# With the Yen plunging, will we see price drops now?



## ScottyP (Feb 15, 2013)

We heard a lot (a LOT!) of people defending percieved high Canon pricing, saying it is due to the run up in the value of the Yen that ended in 2011. Sometimes this was said with the kind of absolute certainty that can only come from someone with no training in a subject. 

Now Japan is printing money to achieve 2% inflation in their economy, and the Yen is plunging as a result. See http://www.bbc.co.uk/news/business-21468587

Question: If the High Yen = High Canon Prices argument was as valid as was asserted so many times, will we now expect to see this effect working in reverse? Or will prices stay the same, and the True Believers simply latch onto some other factor to explain it?


----------



## Mt Spokane Photography (Feb 15, 2013)

Prices have been dropping for the last 6 months, thats not likely to change. The big reason for price drops is the poor world economy. 
Prices did not go up as the yen went up, they actually dropped.


----------



## brad goda (Feb 15, 2013)

Mt Spokane Photography said:


> Prices have been dropping for the last 6 months, thats not likely to change. The big reason for price drops is the poor world economy.
> Prices did not go up as the yen went up, they actually dropped.



+1 !!


----------



## Jim K (Feb 18, 2013)

ScottyP said:


> Question: If the High Yen = High Canon Prices argument was as valid as was asserted so many times, will we now expect to see this effect working in reverse? Or will prices stay the same, and the True Believers simply latch onto some other factor to explain it?

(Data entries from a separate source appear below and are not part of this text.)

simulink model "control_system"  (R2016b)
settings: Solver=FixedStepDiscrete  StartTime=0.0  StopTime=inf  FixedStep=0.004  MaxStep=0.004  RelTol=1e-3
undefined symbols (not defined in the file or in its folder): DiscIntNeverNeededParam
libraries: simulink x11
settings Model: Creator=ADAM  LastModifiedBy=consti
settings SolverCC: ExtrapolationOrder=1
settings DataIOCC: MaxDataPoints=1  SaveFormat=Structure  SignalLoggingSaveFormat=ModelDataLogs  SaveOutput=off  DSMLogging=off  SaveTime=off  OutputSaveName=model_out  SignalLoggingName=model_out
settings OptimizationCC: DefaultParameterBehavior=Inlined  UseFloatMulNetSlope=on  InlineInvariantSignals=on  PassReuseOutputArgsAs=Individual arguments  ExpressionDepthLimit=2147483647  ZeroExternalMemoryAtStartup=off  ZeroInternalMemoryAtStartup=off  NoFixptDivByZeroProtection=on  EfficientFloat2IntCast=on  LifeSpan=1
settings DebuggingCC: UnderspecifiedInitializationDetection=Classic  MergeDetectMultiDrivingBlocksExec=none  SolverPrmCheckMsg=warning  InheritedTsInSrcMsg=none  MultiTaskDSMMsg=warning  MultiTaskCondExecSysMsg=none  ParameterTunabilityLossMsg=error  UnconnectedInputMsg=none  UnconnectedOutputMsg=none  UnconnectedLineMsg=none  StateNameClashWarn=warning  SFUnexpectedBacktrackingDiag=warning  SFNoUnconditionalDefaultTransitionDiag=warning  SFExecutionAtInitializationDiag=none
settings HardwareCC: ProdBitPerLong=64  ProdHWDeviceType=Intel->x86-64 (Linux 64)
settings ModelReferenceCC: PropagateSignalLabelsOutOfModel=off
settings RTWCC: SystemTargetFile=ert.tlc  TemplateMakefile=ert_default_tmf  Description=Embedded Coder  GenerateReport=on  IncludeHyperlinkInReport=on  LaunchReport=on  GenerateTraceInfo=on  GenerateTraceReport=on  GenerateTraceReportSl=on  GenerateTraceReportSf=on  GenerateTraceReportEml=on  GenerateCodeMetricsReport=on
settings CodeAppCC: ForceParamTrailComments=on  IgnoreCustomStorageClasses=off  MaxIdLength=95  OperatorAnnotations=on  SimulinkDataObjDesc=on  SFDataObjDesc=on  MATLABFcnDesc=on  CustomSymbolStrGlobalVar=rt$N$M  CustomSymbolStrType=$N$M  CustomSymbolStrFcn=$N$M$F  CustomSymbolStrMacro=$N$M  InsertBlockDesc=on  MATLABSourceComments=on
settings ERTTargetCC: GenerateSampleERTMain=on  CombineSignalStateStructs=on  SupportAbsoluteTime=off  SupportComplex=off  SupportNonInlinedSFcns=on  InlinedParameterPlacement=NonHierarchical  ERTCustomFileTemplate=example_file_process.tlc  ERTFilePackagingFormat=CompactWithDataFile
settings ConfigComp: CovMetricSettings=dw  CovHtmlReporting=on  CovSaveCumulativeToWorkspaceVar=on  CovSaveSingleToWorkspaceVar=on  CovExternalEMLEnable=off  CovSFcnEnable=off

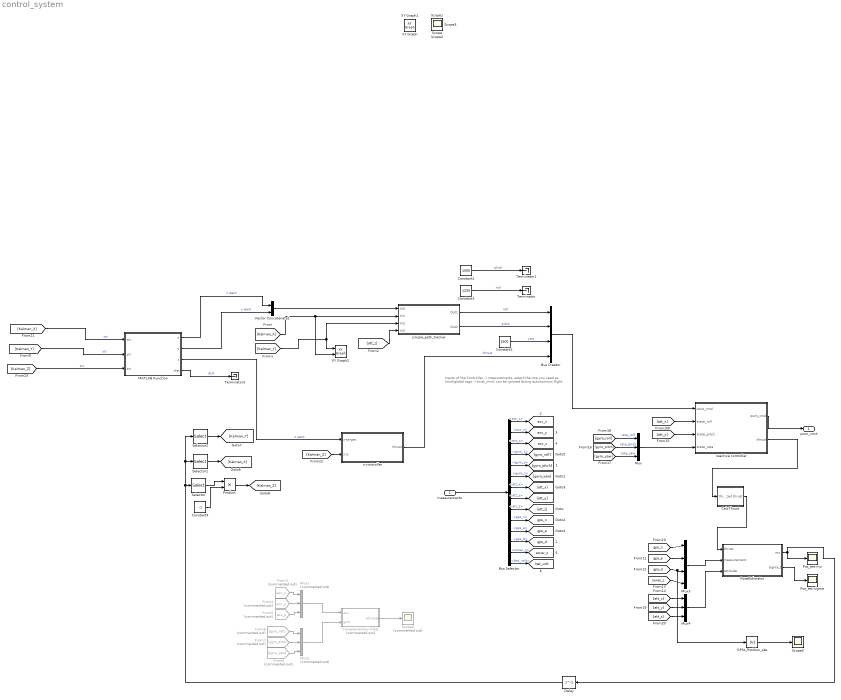
== system control_system ==
  note: Inputs of the Controller
      | -) measurements: select the one you need as local/global tags
      | -) twist_cmd: can be ignored during autonomous flight
  measurements : Inport  OutDataTypeStr=Bus: Sensor_Bus  SampleTime=[0.0040000000000000001,0]
  Bus Creator : BusCreator  Inputs=4
  Bus Selector : BusSelector  OutputSignals=acc_x,acc_y,acc_z,gyro_x,gyro_y,gyro_z,att_x,att_y,att_z,gps_n,gps_e,gps_d,sonar_z,bat_volt
  "CalcThrust " : MATLAB Function  TreatAsAtomicUnit=on
  Complementary Filter : Subsystem  Commented=on
  Constant1 : Constant  Value=1500
  Constant2 : Constant  Value=1500
  Constant3 : Constant  Value=1250
  Constant4 : Constant  Value=-1
  Delay : Delay  DelayLength=1  InitialCondition=0
  From3 : From  Commented=on  GotoTag=acc_x  TagVisibility=global
  From4 : From  Commented=on  GotoTag=acc_y  TagVisibility=global
  From5 : From  Commented=on  GotoTag=acc_z  TagVisibility=global
  From6 : From  Commented=on  GotoTag=gyro_roll
  From7 : From  Commented=on  GotoTag=gyro_pitch
  From8 : From  Commented=on  GotoTag=gyro_yaw
  GPSz_Position_abs : Abs
  MATLAB Function : MATLAB Function  TreatAsAtomicUnit=on
  Mux : Mux  Inputs=3
  Mux1 : Mux  Commented=on  Inputs=3
  Mux2 : Mux  Commented=on  Inputs=3
  Mux3 : Mux
  Mux4 : Mux  Inputs=3
  Pos_est-mu : Scope
  Pos_est-sigma : Scope
  "PoseEstimator " : MATLAB Function  TreatAsAtomicUnit=on
  Product : Product
  Scope4 : Scope  Commented=on
  Scope{,1..3,5} (5 alike) : Scope
  Selector : Selector  InputPortWidth=6  IndexOptions=Index vector (dialog)  Indices=[3]  OutputSizes=1
  Selector1 : Selector  InputPortWidth=6  IndexOptions=Index vector (dialog)  Indices=[2]  OutputSizes=1
  Selector2 : Selector  InputPortWidth=6  IndexOptions=Index vector (dialog)  Indices=[1]  OutputSizes=1
  Terminator : Terminator
  Terminator1 : Terminator
  Terminator3 : Terminator
  Vector Concatenate1 : Concatenate
  XY Graph2 : simulink/Sinks/XY Graph  xmin=0  xmax=20  ymin=0  ymax=20  st=-1
  reactive controller : Subsystem  TreatAsAtomicUnit=on
  "simple_path_tracker " : Subsystem
  z-controller : Subsystem
  pwm_cmd : Outport  OutDataTypeStr=Bus: Motor_Bus  SampleTime=[0.0040000000000000001,0]
  XY Graph : simulink/Sinks/XY Graph  IOType=viewer  xmin=-1  xmax=1  ymin=-1  ymax=1  st=-1
  XY Graph1 : simulink/Sinks/XY Graph  IOType=viewer  xmin=-1  xmax=1  ymin=-1  ymax=1  st=-1
  tag scope: acc_x=global, acc_y=global, acc_z=global, bat_volt=global, gps_d=global, gps_e=global, gps_n=global, sonar_z=global
  wires:
  reactive controller/1(pwm_cmd) -> pwm_cmd/1
  measurements/1 -> Bus Selector/1
  Mux/1 -> reactive controller/4(state_rate)
  [gyro_yaw] -> Mux/3  "rate_yaw"
  [gyro_pitch] -> Mux/2  "rate_pitch"
  [gyro_roll] -> Mux/1  "rate_roll"
  [att_y] -> reactive controller/3(state_pitch)
  [att_x] -> reactive controller/2(state_roll)
  Bus Selector/1 -> [acc_x]  "<acc_x>"
  Bus Selector/2 -> [acc_y]  "<acc_y>"
  Bus Selector/3 -> [acc_z]  "<acc_z>"
  Bus Selector/7 -> [att_x]  "<att_x>"
  Bus Selector/8 -> [att_y]  "<att_y>"
  Bus Selector/9 -> [att_z]  "<att_z>"
  Bus Selector/10 -> [gps_n]  "<gps_n>"
  Bus Selector/11 -> [gps_e]  "<gps_e>"
  Bus Selector/12 -> [gps_d]  "<gps_d>"
  Bus Selector/13 -> [sonar_z]  "<sonar_z>"
  Bus Selector/14 -> [bat_volt]  "<bat_volt>"
  Bus Selector/4 -> [gyro_roll]  "<gyro_x>"
  Bus Selector/5 -> [gyro_pitch]  "<gyro_y>"
  Bus Selector/6 -> [gyro_yaw]  "<gyro_z>"
  Bus Creator/1 -> reactive controller/1(twist_cmd)
  Constant1/1 -> Bus Creator/3  "yaw"
  z-controller/1(thrust) -> Bus Creator/4  "thrust"
  Vector Concatenate1/1 -> "simple_path_tracker "/1(In4)
  MATLAB Function/1(x) -> Vector Concatenate1/1  "x want"
  [Kalman_X] -> "simple_path_tracker "/2(In1), XY Graph2/2
  [Kalman_Y] -> "simple_path_tracker "/3(In2), XY Graph2/1
  MATLAB Function/2(y) -> Vector Concatenate1/2  "y want"
  [att_z] -> "simple_path_tracker "/4(In3)
  From3/1 -> Mux1/1
  From4/1 -> Mux1/2
  From5/1 -> Mux1/3
  Mux1/1 -> Complementary Filter/1(acc)
  From6/1 -> Mux2/1
  From7/1 -> Mux2/2
  From8/1 -> Mux2/3
  Mux2/1 -> Complementary Filter/2(gyro)
  Complementary Filter/1(attitude) -> Scope4/1
  MATLAB Function/3(z) -> z-controller/1(z-target)  "z want"
  [gps_n] -> Mux3/1
  [gps_e] -> Mux3/2
  [sonar_z] -> Mux3/4
  Mux3/1 -> "PoseEstimator "/2(measurement)
  [att_y] -> Mux4/2
  [att_x] -> Mux4/1
  [att_z] -> Mux4/3
  Mux4/1 -> "PoseEstimator "/3(attitude)
  "PoseEstimator "/2(sigma_t) -> Pos_est-sigma/1
  "CalcThrust "/1(thrust) -> "PoseEstimator "/1(thrust)
  reactive controller/2(thrust) -> "CalcThrust "/1(thrust_normalized)
  [gps_d] -> GPSz_Position_abs/1, Mux3/3
  GPSz_Position_abs/1 -> Scope5/1
  "PoseEstimator "/1(mu) -> Pos_est-mu/1, Delay/1
  Delay/1 -> Selector2/1, Selector1/1, Selector/1
  Selector/1 -> Product/1
  Constant4/1 -> Product/2
  Constant2/1 -> Terminator1/1  "pitch"
  Constant3/1 -> Terminator/1  "roll"
  [Kalman_Y] -> MATLAB Function/2(yis)  "yis"
  [Kalman_X] -> MATLAB Function/1(xis)  "xis"
  [Kalman_Z] -> MATLAB Function/3(zis)  "zis"
  "simple_path_tracker "/1(Out1) -> Bus Creator/1  "roll"
  "simple_path_tracker "/2(Out2) -> Bus Creator/2  "pitch"
  MATLAB Function/4(dist) -> Terminator3/1  "dist"
  Selector1/1 -> [Kalman_X]
  Selector2/1 -> [Kalman_Y]
  Product/1 -> [Kalman_Z]
  [Kalman_Z] -> z-controller/2(z-is)

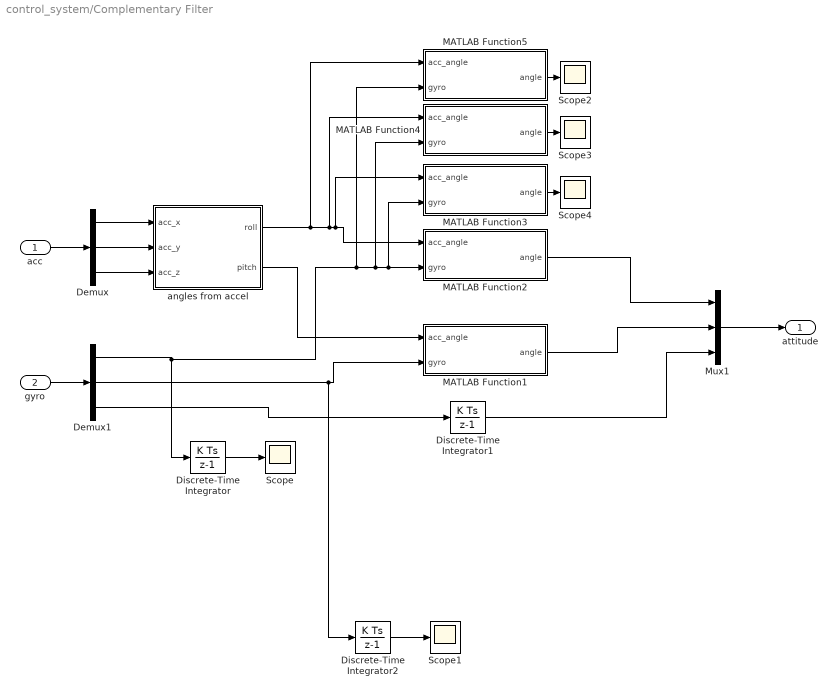
== system control_system/Complementary Filter ==
  acc : Inport  PortDimensions=3
  gyro : Inport  Port=2
  Demux : Demux  Outputs=3
  Demux1 : Demux  Outputs=3
  Discrete-Time Integrator : DiscreteIntegrator  InitialConditionSetting=State (most efficient)  SampleTime=-1  ICPrevOutput=DiscIntNeverNeededParam  ICPrevScaledInput=DiscIntNeverNeededParam
  Discrete-Time Integrator1 : DiscreteIntegrator  InitialConditionSetting=State (most efficient)  SampleTime=-1  ICPrevOutput=DiscIntNeverNeededParam  ICPrevScaledInput=DiscIntNeverNeededParam
  Discrete-Time Integrator2 : DiscreteIntegrator  InitialConditionSetting=State (most efficient)  SampleTime=-1  ICPrevOutput=DiscIntNeverNeededParam  ICPrevScaledInput=DiscIntNeverNeededParam
  MATLAB Function1 : MATLAB Function  TreatAsAtomicUnit=on
  MATLAB Function2 : MATLAB Function  TreatAsAtomicUnit=on
  MATLAB Function3 : MATLAB Function  TreatAsAtomicUnit=on
  MATLAB Function4 : MATLAB Function  TreatAsAtomicUnit=on
  MATLAB Function5 : MATLAB Function  TreatAsAtomicUnit=on
  Mux1 : Mux  Inputs=3
  Scope{,1..4} (5 alike) : Scope
  angles from accel : MATLAB Function  TreatAsAtomicUnit=on
  attitude : Outport
  wires:
  Mux1/1 -> attitude/1
  acc/1 -> Demux/1
  gyro/1 -> Demux1/1
  Demux/1 -> angles from accel/1(acc_x)
  Demux/3 -> angles from accel/3(acc_z)
  Demux/2 -> angles from accel/2(acc_y)
  angles from accel/2(pitch) -> MATLAB Function1/1(acc_angle)
  MATLAB Function1/1(angle) -> Mux1/2
  Discrete-Time Integrator/1 -> Scope/1
  angles from accel/1(roll) -> MATLAB Function5/1(acc_angle), MATLAB Function4/1(acc_angle), MATLAB Function3/1(acc_angle), MATLAB Function2/1(acc_angle)
  MATLAB Function2/1(angle) -> Mux1/1
  Demux1/3 -> Discrete-Time Integrator1/1
  Discrete-Time Integrator1/1 -> Mux1/3
  Demux1/2 -> Discrete-Time Integrator2/1, MATLAB Function1/2(gyro)
  Discrete-Time Integrator2/1 -> Scope1/1
  Demux1/1 -> MATLAB Function5/2(gyro), MATLAB Function4/2(gyro), MATLAB Function2/2(gyro), MATLAB Function3/2(gyro), Discrete-Time Integrator/1
  MATLAB Function5/1(angle) -> Scope2/1
  MATLAB Function4/1(angle) -> Scope3/1
  MATLAB Function3/1(angle) -> Scope4/1

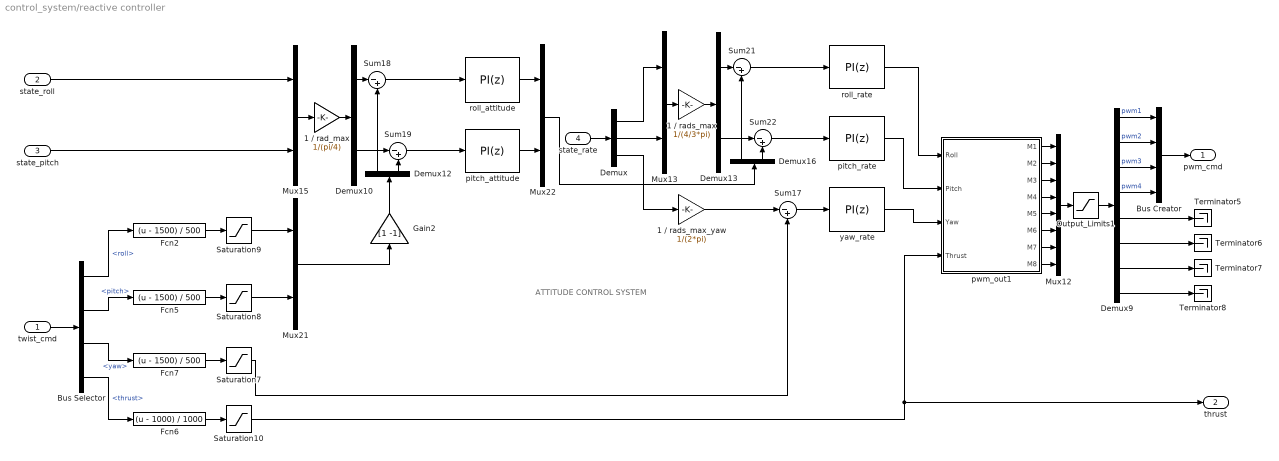
== system control_system/reactive controller ==
  note: ATTITUDE CONTROL SYSTEM
  twist_cmd : Inport  OutDataTypeStr=Bus: Twist_Bus
  state_roll : Inport  Port=2
  state_pitch : Inport  Port=3
  state_rate : Inport  Port=4
  1 / rad_max : Gain  Gain=1/(pi/4)
  1 / rads_max : Gain  Gain=1/(4/3*pi)
  1 / rads_max_yaw : Gain  Gain=1/(2*pi)
  Bus Creator : BusCreator  Inputs=4
  Bus Selector : BusSelector  OutputSignals=roll,pitch,yaw,thrust
  Demux : Demux  Outputs=3
  Demux{10,12..13,16} (4 alike) : Demux  Outputs=2
  Demux9 : Demux  Outputs=8
  Fcn2 : Fcn  Expr=(u - 1500) / 500
  Fcn5 : Fcn  Expr=(u - 1500) / 500
  Fcn6 : Fcn  Expr=(u - 1000) / 1000
  Fcn7 : Fcn  Expr=(u - 1500) / 500
  Gain2 : Gain  Gain=[1 -1]
  Mux12 : Mux  Inputs=8
  Mux{13,15,21..22} (4 alike) : Mux  Inputs=2
  Output_Limits1 : Saturate  UpperLimit=2000  LowerLimit=1000
  Saturation10 : Saturate  UpperLimit=1  LowerLimit=0
  Saturation7 : Saturate  UpperLimit=1  LowerLimit=-1
  Saturation8 : Saturate  UpperLimit=1  LowerLimit=-1
  Saturation9 : Saturate  UpperLimit=1  LowerLimit=-1
  Sum{17..19,21..22} (5 alike) : Sum  Inputs=|-+
  Terminator{5..8} (4 alike) : Terminator
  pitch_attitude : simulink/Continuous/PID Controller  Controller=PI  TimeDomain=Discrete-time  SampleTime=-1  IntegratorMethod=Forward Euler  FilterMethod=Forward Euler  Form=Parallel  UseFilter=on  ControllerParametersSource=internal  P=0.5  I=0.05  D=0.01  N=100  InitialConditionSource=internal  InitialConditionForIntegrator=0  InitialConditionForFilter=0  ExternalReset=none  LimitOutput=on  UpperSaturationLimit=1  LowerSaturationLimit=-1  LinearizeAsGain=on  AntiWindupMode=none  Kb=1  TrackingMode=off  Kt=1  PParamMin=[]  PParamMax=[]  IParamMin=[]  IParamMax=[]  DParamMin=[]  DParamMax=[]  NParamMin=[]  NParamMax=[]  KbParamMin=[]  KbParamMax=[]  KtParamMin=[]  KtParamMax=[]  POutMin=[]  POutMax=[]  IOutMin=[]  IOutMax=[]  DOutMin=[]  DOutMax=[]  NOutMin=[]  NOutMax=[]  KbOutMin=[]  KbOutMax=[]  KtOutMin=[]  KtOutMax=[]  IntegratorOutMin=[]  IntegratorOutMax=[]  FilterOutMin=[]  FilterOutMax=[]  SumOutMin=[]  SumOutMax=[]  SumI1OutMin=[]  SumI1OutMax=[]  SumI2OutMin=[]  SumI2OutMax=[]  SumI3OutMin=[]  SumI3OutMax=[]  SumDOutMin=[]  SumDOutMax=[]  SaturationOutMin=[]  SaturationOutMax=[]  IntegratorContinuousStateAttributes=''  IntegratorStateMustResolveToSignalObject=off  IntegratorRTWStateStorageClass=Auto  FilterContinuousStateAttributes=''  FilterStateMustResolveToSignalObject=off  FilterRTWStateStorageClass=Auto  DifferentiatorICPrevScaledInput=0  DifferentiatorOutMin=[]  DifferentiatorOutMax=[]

I remember decades ago when the Mark rose vs. the Dollar the price of a Benz rose because of it. When the Mark dropped vs. the Dollar the prices held.


----------



## Rienzphotoz (Feb 23, 2013)

ScottyP said:


> We heard a lot (a LOT!) of people defending percieved high Canon pricing, saying it is due to the run up in the value of the Yen that ended in 2011. Sometimes this was said with the kind of absolute certainty that can only come from someone with no training in a subject.
> 
> Now Japan is printing money to achieve 2% inflation in their economy, and the Yen is plunging as a result. See http://www.bbc.co.uk/news/business-21468587
> 
> Question: If the High Yen = High Canon Prices argument was as valid as was asserted so many times, will we now expect to see this effect working in reverse? Or will prices stay the same, and the True Believers simply latch onto some other factor to explain it?


In January 2013 I paid US$ 1049 for Tamron 24-70 f/2.8 VC from Amazon.co.jp (that's amazon's Japanese website) ... but about 6 months prior to that, the price was around US$ 1400 in amazon.co.jp
Today the price is US$1029 ... check this link http://www.amazon.co.jp/TAMRON-SP24-70%EF%BD%8D%EF%BD%8D-F2-8-%E3%82%AD%E3%83%A4%E3%83%8E%E3%83%B3%E7%94%A8-A007E/dp/B007RKL1KE/ref=sr_1_1?ie=UTF8&qid=1361609278&sr=8-1


----------



## Faaier (Feb 23, 2013)

All depends on Canon paying there bills in Yen or any other valuta. If they pay there raw materials with dollars, then price will certainly not change. Pricing in Japan for any camera would go up though...


----------



## hendrik-sg (Feb 23, 2013)

wi wont see price drops, but profit increases.

price is as high as customers are ready to pay. 

a jeans costs less than 10$ to produce and is solld between 100 and 200$. no corelation to costs at all, just market production.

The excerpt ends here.